The Libyan government has said 11 other Bangladeshis were wounded in the May 28 attack. The U.N. migration agency said the migrants were shot and killed in a smuggling warehouse in the desert town of Mizdah, where a group of migrants were being held.

Baten said the crackdown on the rogue recruiters of migrant workers and human smugglers continued after two separate cases were filed by the victims’ families following the killings.

He said it appeared that the victims of the attack had been trafficked to Libya via India, the United Arab Emirates and Egypt.

He also said the victims were detained in various camps in the North African nation and subjected to physical and mental torture.

The traffickers made video and audio recordings of the victims and sent them to their families in Bangladesh to extract money, Baten said.

Bangladesh’s inspector general of police, Benazir Ahmed, had earlier said that “the way our people were brutally killed is unacceptable.”

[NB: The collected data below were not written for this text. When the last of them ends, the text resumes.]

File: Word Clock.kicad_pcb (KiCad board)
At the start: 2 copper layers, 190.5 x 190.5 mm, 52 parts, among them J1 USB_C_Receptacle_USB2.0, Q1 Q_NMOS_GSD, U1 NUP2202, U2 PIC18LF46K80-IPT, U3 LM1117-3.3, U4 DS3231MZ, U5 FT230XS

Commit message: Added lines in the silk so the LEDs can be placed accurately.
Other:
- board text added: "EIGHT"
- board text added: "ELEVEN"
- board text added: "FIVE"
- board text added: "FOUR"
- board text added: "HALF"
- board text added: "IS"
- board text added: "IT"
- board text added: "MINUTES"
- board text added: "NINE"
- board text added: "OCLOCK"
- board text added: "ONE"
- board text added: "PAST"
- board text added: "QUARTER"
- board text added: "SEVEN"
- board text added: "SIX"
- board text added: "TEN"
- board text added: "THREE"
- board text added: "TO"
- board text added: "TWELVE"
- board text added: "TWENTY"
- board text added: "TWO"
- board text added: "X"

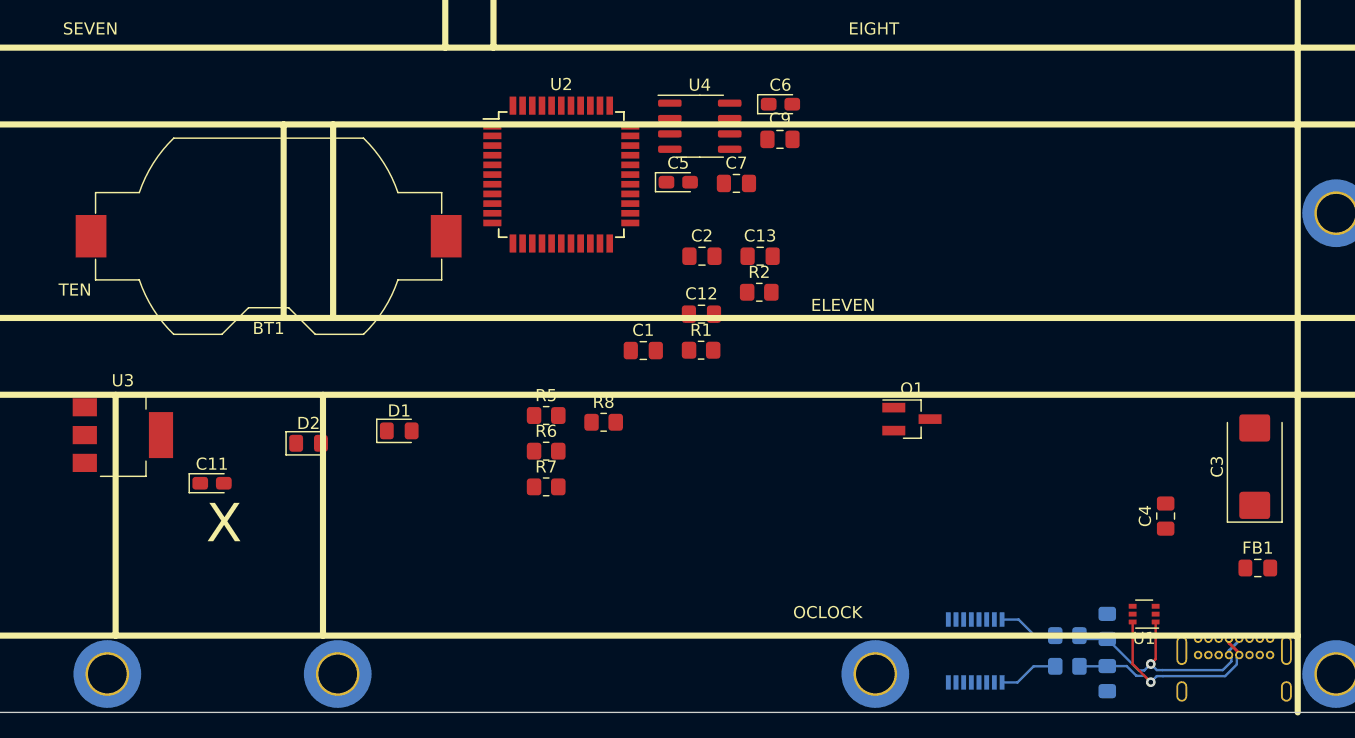
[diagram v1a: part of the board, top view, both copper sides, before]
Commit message: Starting some prelim layout. Perhaps I should finish my schematics and place all my parts first.... But what do I know?
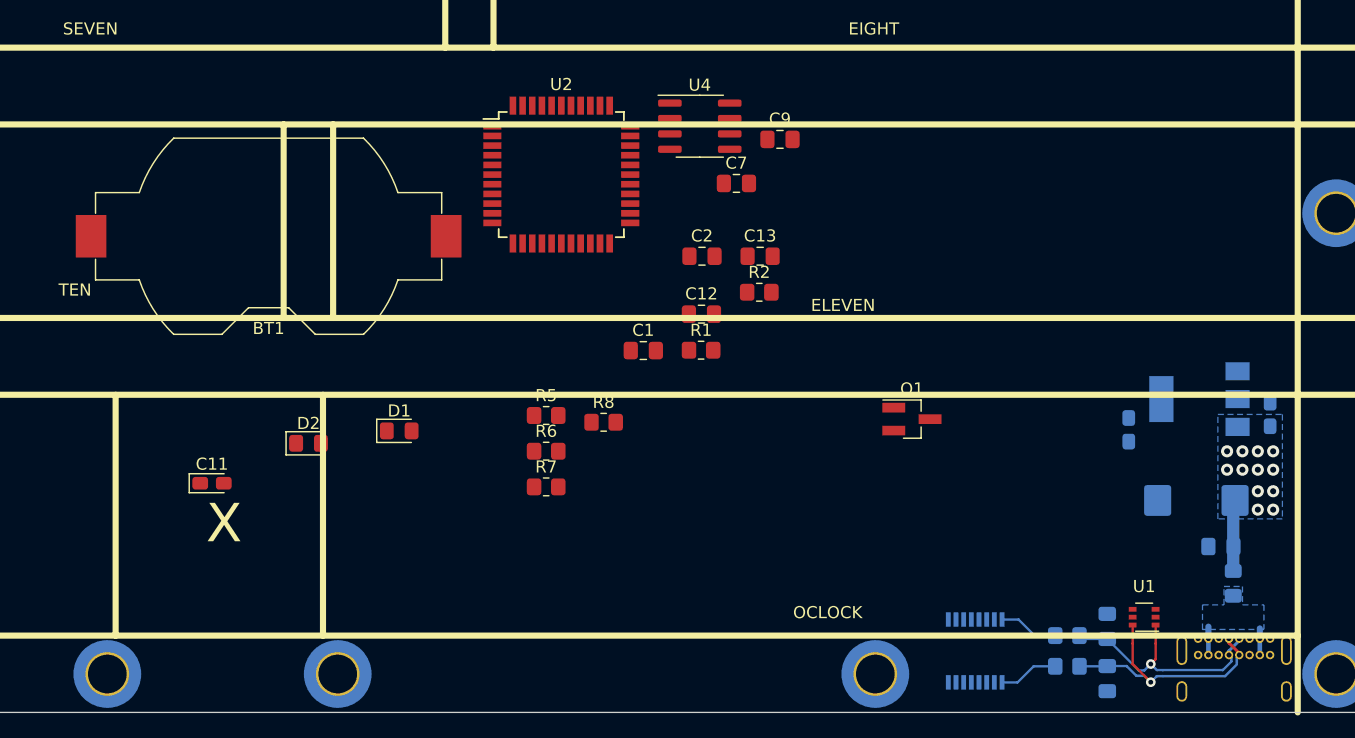
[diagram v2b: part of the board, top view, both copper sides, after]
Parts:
- C3, C4, C5, C6, FB1, U3: moved to B.Cu
- moved U3 89.1 mm to (176.0, -25.9), turned to 180 degrees
- moved C5 52.6 mm to (181.9, -24.6), turned to 90 degrees
- moved C6 39.4 mm to (170.2, -23.4), turned to 270 degrees
- moved C3 5.58 mm to (175.8, -17.5), turned to 180 degrees
- moved C4 5.22 mm to (177.8, -13.7), turned to 180 degrees
- moved FB1 2.40 mm to (178.8, -10.7), turned to 270 degrees
- moved U1 0.25 mm to (171.4, -7.87)
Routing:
- net +5V: track 0.00 -> 5.90 mm, vias 0 -> 12
- net Net-(FB1-Pad2): track 0.00 -> 4.55 mm
- added copper zone on B.Cu, net +5V
- added copper zone on B.Cu, net Net-(FB1-Pad2)
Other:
- copper layers 2 -> 4

“No one will be spared who has deceived our citizens … took them overseas and are responsible for these miserable deaths,” he said.

Migrants fleeing poverty and conflict in Africa and the Middle East typically pass through Libya on their way to Europe, departing Tripoli’s rocky coast in inflatable dinghies.

The Libyan coast guard, trained by the European Union to keep migrants from reaching European shores, intercepts boats at sea and returns them to Libya, where many migrants land in detention centres rife with torture and abuse.

Sending workers abroad is crucial for Bangladesh's economy. Some 10 million Bangladeshis working overseas send home about $20 billion per year.

Saudi Arabia has long been the largest source of remittances, followed by the UAE, Qatar, Oman, Bahrain, Kuwait, Libya, Iraq, Singapore, Malaysia, the United States and Britain.